##### Dataset entries #####

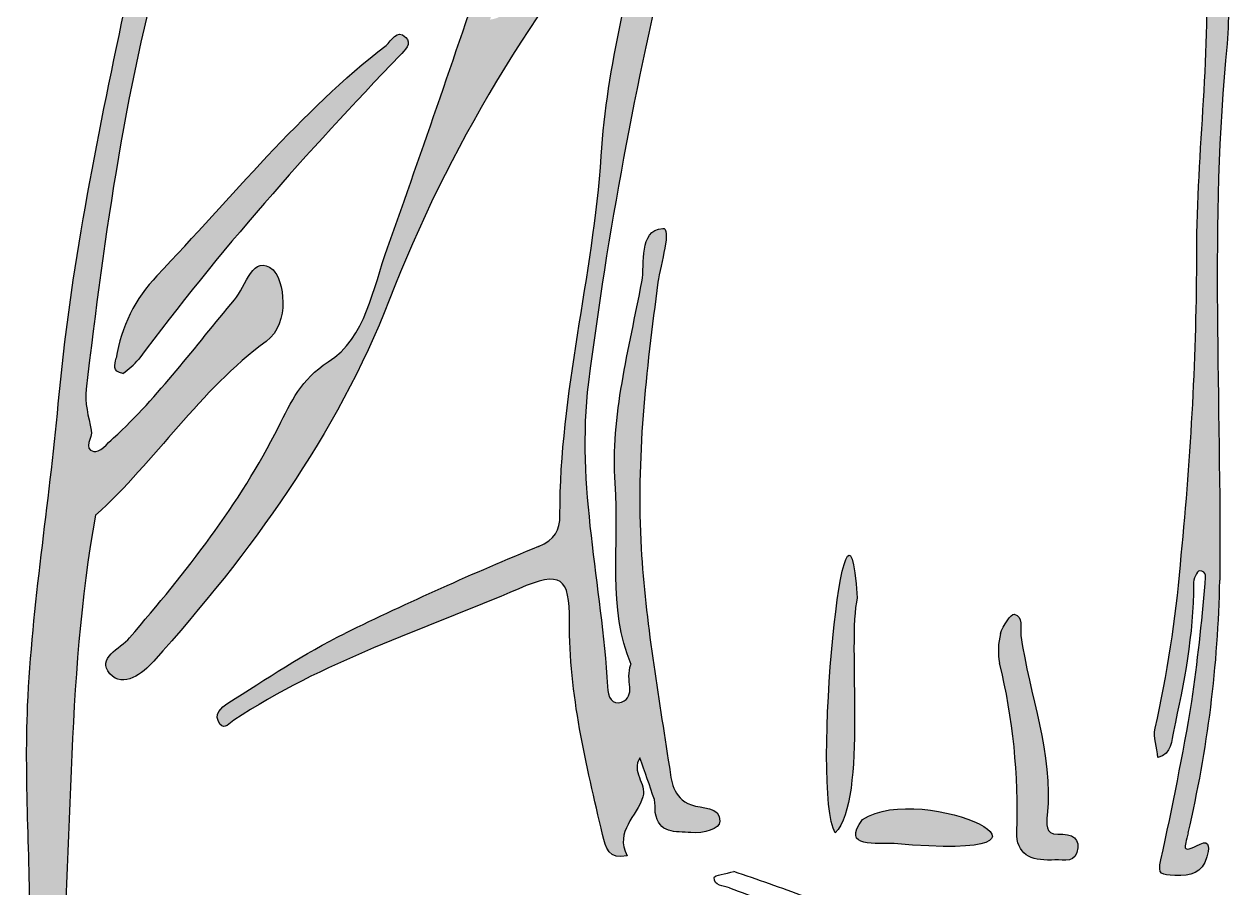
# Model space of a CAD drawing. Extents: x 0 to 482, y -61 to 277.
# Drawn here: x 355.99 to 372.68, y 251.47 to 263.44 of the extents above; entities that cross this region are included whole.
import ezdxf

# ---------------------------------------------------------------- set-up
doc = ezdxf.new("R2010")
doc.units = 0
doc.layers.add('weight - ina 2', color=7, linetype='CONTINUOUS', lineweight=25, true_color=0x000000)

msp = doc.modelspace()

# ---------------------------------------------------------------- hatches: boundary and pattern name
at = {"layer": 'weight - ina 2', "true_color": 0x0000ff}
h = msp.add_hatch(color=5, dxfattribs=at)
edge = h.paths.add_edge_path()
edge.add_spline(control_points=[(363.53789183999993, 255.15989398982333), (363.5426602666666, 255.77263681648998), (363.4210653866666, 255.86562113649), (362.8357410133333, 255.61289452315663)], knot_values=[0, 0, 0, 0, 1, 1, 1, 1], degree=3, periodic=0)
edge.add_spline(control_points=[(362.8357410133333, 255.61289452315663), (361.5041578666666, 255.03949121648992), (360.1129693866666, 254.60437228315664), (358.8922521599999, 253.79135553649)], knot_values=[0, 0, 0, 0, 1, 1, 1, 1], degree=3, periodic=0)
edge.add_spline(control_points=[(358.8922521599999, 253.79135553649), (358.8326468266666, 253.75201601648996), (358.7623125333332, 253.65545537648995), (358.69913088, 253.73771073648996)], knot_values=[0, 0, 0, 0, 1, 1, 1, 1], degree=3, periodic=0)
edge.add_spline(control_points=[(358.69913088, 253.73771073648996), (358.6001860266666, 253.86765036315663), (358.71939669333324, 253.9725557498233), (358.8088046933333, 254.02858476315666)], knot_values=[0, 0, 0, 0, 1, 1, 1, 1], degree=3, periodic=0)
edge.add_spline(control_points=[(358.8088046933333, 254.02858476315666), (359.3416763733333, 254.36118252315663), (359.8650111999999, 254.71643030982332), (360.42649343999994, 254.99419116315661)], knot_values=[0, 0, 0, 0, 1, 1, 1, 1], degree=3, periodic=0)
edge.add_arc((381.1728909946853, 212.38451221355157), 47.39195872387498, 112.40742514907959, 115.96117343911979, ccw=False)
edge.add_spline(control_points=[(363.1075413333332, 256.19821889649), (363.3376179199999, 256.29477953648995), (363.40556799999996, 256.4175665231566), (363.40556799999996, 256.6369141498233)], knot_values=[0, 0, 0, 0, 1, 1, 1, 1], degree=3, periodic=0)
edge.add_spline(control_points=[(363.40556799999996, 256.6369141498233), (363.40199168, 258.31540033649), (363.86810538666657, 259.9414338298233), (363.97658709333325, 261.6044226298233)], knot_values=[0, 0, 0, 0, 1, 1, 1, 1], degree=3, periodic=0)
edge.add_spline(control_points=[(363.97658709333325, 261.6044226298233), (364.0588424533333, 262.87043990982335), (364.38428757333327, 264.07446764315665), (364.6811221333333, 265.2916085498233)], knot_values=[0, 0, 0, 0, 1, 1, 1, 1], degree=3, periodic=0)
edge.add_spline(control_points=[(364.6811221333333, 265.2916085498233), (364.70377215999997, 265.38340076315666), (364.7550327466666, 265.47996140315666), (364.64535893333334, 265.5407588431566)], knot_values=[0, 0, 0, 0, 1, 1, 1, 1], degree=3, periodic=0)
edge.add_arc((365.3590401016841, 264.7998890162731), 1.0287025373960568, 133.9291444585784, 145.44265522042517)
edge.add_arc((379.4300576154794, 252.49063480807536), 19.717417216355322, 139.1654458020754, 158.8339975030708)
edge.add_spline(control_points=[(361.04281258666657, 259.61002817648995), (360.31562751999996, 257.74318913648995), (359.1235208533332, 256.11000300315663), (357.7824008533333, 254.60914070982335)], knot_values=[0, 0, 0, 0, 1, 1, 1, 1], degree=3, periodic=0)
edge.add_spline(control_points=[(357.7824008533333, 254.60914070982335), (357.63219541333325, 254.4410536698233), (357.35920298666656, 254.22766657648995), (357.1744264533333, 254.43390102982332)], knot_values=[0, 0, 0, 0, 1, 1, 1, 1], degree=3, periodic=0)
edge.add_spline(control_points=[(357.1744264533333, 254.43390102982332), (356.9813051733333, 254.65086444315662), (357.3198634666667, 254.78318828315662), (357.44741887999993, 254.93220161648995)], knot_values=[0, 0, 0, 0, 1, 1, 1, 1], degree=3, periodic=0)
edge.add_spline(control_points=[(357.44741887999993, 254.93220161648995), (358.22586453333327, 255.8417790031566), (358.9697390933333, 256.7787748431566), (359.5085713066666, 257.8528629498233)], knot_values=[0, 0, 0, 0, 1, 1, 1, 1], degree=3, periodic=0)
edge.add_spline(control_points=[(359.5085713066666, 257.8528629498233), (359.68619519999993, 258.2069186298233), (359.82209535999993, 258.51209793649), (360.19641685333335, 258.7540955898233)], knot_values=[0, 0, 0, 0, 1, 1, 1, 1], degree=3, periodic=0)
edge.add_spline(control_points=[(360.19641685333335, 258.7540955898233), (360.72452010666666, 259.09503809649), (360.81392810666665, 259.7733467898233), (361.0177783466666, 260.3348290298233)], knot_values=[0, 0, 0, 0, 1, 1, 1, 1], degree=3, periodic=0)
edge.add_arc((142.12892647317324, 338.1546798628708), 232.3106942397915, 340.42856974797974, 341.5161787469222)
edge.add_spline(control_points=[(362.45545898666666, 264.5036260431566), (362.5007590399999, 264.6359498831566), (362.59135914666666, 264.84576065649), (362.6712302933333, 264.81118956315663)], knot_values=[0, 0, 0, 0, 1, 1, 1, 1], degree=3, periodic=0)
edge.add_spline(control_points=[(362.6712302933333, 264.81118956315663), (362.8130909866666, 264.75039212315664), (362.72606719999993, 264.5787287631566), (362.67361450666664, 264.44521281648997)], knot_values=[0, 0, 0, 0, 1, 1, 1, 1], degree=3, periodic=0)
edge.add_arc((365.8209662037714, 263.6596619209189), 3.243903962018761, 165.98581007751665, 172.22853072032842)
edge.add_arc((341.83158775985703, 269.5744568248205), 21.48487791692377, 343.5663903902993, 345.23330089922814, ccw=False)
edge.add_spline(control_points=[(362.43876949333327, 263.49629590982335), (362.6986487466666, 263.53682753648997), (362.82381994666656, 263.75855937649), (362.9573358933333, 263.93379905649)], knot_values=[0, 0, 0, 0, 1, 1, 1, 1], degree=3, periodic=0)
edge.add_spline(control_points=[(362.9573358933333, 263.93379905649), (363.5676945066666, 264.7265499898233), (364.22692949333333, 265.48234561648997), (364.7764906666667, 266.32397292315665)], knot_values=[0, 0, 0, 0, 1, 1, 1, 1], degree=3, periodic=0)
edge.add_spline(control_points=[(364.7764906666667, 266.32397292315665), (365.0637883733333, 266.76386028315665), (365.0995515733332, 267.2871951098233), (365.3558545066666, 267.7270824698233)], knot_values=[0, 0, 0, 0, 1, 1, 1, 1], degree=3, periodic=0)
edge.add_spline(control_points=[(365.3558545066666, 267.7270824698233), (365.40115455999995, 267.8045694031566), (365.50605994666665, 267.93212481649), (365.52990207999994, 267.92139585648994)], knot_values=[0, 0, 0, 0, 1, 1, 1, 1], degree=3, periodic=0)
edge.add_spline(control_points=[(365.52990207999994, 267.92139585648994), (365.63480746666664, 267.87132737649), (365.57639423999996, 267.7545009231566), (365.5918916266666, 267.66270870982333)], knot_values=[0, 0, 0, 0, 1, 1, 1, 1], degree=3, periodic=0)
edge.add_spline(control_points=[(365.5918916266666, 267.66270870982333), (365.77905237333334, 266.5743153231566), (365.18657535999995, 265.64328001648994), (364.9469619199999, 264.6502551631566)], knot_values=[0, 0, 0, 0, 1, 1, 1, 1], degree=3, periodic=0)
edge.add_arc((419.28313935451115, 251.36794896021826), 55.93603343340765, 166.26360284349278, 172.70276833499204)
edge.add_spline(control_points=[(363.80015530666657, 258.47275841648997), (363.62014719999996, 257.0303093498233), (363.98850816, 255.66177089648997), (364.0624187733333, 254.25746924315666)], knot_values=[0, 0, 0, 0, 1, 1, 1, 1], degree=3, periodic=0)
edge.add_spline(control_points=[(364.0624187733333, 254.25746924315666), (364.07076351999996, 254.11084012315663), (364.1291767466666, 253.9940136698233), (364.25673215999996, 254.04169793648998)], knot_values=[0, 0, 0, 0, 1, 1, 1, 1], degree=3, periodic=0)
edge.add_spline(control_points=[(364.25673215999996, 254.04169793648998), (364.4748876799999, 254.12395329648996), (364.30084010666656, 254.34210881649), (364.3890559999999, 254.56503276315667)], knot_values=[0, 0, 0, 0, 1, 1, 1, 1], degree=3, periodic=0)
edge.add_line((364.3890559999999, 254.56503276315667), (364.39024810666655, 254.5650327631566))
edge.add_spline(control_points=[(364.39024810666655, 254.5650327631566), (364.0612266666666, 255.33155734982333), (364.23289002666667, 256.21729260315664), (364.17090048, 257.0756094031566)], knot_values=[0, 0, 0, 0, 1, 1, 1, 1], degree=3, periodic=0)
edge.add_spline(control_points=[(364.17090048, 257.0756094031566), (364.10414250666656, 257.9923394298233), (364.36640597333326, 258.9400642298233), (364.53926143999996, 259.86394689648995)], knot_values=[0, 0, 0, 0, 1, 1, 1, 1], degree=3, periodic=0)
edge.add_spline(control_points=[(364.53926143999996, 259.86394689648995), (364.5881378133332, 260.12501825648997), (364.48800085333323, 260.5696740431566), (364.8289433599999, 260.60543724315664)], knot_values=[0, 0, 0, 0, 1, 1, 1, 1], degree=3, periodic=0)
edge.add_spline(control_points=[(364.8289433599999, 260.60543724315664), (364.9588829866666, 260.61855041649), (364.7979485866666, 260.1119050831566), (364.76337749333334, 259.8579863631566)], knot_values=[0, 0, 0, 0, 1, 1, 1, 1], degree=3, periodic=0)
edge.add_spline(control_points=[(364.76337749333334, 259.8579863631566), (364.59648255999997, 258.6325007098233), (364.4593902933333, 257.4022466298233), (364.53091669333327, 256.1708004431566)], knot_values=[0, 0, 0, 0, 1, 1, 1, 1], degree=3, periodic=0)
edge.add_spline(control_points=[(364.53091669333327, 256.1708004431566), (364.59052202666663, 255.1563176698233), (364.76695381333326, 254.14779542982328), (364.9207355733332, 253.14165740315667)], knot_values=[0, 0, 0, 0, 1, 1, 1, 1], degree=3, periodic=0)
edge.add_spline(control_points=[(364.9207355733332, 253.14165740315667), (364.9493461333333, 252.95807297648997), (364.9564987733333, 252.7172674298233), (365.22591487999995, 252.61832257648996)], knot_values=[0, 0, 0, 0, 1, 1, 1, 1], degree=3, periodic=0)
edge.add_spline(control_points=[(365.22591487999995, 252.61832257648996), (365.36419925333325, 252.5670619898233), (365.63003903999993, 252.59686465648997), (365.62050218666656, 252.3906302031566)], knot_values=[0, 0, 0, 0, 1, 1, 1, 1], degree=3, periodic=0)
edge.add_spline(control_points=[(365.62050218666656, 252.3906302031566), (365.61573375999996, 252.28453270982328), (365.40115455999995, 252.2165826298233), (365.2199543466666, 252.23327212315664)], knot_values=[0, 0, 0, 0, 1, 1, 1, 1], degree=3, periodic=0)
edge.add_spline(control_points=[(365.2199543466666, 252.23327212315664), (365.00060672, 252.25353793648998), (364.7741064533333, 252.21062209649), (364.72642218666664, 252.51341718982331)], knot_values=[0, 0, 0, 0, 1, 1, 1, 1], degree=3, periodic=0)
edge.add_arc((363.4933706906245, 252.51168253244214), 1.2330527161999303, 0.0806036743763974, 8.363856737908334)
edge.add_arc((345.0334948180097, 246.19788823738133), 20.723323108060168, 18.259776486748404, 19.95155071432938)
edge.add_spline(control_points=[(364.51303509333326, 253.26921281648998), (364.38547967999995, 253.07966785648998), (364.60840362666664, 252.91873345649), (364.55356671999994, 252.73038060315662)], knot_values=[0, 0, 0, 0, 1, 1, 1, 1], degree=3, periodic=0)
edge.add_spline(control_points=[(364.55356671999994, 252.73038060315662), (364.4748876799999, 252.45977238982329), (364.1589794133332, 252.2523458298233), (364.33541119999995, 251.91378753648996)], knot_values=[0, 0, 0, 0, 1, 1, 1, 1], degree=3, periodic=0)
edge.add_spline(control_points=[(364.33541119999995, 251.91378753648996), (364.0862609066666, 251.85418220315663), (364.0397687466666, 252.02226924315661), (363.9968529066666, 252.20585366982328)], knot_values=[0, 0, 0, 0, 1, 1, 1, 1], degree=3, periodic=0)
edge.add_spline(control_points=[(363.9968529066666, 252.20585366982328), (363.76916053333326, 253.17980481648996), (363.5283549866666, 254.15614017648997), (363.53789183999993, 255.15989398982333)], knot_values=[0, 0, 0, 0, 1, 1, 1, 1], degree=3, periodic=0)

#####

> Prompt: Go through the records line by line, and copy each line that holds the string "weight".

> Finished task:
doc.layers.add('weight - ina 2', color=7, linetype='CONTINUOUS', lineweight=25, true_color=0x000000)
at = {"layer": 'weight - ina 2', "true_color": 0x0000ff}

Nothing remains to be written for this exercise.